So what is the question? You like the Specialized more, but you are worried that you will be missing out on something if you don't get CAAD? 

Also, it is important that you like your LBS because as a new roadie, you will be in the shop from time to time for problems that you can't handle, but most of the free tuneups offered by an LBS consist of adjusting derailleurs and brakes. You will still pay for any job that takes more than 10.


----------



## Lou3000 (Aug 25, 2010)

Why would you not be able to use a compact crank with 105 or Rival? I run a compact with 105.


----------



## Hank Stamper (Sep 9, 2009)

Lou3000 said:


> Why would you not be able to use a compact crank with 105 or Rival?
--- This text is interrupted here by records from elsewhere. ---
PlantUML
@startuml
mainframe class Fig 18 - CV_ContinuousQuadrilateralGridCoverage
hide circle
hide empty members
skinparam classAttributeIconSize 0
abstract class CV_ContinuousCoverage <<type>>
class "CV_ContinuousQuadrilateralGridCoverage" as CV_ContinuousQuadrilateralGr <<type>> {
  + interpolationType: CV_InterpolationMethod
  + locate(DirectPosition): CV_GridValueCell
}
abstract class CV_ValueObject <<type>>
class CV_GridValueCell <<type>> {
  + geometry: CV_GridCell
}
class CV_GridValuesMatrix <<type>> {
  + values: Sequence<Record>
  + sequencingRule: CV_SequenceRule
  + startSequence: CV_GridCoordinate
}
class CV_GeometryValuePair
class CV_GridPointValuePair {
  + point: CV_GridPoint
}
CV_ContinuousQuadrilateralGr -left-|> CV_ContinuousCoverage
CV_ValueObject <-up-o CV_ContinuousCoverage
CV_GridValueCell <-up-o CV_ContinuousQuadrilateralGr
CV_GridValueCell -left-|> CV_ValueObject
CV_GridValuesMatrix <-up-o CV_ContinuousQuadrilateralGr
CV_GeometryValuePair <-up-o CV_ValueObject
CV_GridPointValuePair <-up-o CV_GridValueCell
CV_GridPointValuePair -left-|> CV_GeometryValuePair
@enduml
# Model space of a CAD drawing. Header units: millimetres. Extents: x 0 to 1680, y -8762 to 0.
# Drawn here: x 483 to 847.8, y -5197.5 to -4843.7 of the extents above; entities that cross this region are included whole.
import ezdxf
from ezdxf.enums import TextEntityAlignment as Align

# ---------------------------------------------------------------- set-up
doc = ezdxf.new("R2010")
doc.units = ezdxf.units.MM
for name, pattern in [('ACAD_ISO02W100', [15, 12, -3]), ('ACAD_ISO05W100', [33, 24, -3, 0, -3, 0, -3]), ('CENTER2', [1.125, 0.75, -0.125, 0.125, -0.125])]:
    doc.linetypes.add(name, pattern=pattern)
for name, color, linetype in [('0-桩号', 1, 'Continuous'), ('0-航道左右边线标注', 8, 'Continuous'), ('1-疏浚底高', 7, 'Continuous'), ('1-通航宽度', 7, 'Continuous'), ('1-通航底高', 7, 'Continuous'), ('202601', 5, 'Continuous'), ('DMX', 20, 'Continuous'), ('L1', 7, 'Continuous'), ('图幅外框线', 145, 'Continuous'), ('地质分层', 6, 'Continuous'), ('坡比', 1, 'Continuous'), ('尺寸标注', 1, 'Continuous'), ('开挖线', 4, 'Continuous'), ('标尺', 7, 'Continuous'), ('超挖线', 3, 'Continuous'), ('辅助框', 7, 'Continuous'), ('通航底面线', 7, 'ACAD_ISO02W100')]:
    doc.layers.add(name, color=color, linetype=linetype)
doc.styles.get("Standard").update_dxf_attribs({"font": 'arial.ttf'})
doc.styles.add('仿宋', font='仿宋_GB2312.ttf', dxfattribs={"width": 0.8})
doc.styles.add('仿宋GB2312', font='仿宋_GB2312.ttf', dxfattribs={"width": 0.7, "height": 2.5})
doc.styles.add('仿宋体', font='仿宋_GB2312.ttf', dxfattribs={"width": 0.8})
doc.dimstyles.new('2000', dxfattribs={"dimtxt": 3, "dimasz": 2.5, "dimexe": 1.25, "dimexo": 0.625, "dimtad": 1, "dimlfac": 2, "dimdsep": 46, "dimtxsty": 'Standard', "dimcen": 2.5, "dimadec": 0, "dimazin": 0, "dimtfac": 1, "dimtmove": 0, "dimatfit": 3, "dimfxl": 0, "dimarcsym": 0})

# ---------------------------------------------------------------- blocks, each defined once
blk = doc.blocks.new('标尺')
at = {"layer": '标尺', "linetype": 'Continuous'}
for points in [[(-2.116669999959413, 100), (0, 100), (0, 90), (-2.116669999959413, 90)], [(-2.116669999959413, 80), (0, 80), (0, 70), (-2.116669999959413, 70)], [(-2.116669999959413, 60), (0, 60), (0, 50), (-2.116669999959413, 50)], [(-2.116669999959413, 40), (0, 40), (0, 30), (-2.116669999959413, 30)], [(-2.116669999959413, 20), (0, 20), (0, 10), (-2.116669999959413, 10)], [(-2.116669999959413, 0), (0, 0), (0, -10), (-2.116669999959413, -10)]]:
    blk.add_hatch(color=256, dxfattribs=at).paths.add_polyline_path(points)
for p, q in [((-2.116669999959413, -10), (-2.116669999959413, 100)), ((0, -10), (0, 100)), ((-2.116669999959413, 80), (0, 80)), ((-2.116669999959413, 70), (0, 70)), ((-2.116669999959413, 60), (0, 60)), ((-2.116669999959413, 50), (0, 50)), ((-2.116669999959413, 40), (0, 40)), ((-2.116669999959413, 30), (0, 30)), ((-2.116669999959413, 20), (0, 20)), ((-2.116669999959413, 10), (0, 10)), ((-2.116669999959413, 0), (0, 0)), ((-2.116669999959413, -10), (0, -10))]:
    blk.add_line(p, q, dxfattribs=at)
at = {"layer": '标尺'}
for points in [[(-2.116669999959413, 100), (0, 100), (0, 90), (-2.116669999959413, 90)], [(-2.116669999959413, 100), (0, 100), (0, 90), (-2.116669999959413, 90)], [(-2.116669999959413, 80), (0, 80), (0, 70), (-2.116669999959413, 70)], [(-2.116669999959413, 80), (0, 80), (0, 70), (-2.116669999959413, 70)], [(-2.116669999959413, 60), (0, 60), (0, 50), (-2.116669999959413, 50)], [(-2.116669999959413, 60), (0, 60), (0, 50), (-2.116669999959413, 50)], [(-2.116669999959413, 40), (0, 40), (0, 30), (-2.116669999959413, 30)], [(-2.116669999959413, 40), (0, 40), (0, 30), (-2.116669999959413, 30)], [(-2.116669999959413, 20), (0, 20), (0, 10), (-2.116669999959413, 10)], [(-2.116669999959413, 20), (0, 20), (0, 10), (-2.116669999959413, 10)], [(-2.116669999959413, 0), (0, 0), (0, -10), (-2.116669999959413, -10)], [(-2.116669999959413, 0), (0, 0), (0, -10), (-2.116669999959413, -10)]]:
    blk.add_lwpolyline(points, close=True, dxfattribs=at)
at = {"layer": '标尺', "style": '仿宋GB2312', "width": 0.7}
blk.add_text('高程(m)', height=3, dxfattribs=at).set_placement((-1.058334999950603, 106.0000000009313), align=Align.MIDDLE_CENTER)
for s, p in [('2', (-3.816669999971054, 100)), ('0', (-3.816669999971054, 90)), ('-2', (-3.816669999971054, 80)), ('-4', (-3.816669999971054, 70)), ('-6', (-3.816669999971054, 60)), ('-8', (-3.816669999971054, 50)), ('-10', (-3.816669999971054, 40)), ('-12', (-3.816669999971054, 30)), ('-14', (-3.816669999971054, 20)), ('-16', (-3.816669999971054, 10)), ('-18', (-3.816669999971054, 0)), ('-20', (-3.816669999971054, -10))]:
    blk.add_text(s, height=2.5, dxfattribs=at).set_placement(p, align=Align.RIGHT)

I run a compact with 105.


I think the key to what he/she said was "and an 11-32 cassette in the back". Not sure it that's true or not either but I think the person was talking about the combo not just a compact.

Though I can't imagine the ability to have a 32 in back of a compact is an attraction to anyone who doesn't climb Mt. Washington as a routine ride or is new to biking fitness in the exteme.


----------



## mmcycle10 (Oct 7, 2010)

> Spend $400 more and get a carbon Felt


Felt isn't even in the conversation here...not to mention you're blowing his budget by 25% for a bike that is not likely to be much lighter than either of the aluminum frames listed. At best, the F5 may be a couple hundred grams lighter than a similarly equiped CAAD10. Is that worth $500?



> I can't imagine spending $1500+ on an aluminum bike


Do you race? A lot of people don't want to have to spend $1500+ just to replace a carbon frame that breaks. Aluminum bikes north of $1500 are going to come with groups that justify that price (i.e. SRAM Rival/Force, Ultegra, DA). There is a reason Cannondale markets these...


----------



## Lou3000 (Aug 25, 2010)

mmcycle10 said:


> Do you race?


Does the OP? 

Yeah it is slightly above his budget, but I think for a new rider, with a budget close to $1500, unless you are racing crits, it would be worth it to consider some of the $2000 carbon options. Tarmac Apex, Madone 3.1, Felt F5, Cannondale Six 105, etc. Also, I didn't say that spending $1500 on an aluminum bike was dumb, just that I wouldn't. BUT for the record, the Felt F5 frame weighs 900 grams with a 370 gram fork and the CAAD 10 frame weighs 1150 grams with a 390 gram fork. 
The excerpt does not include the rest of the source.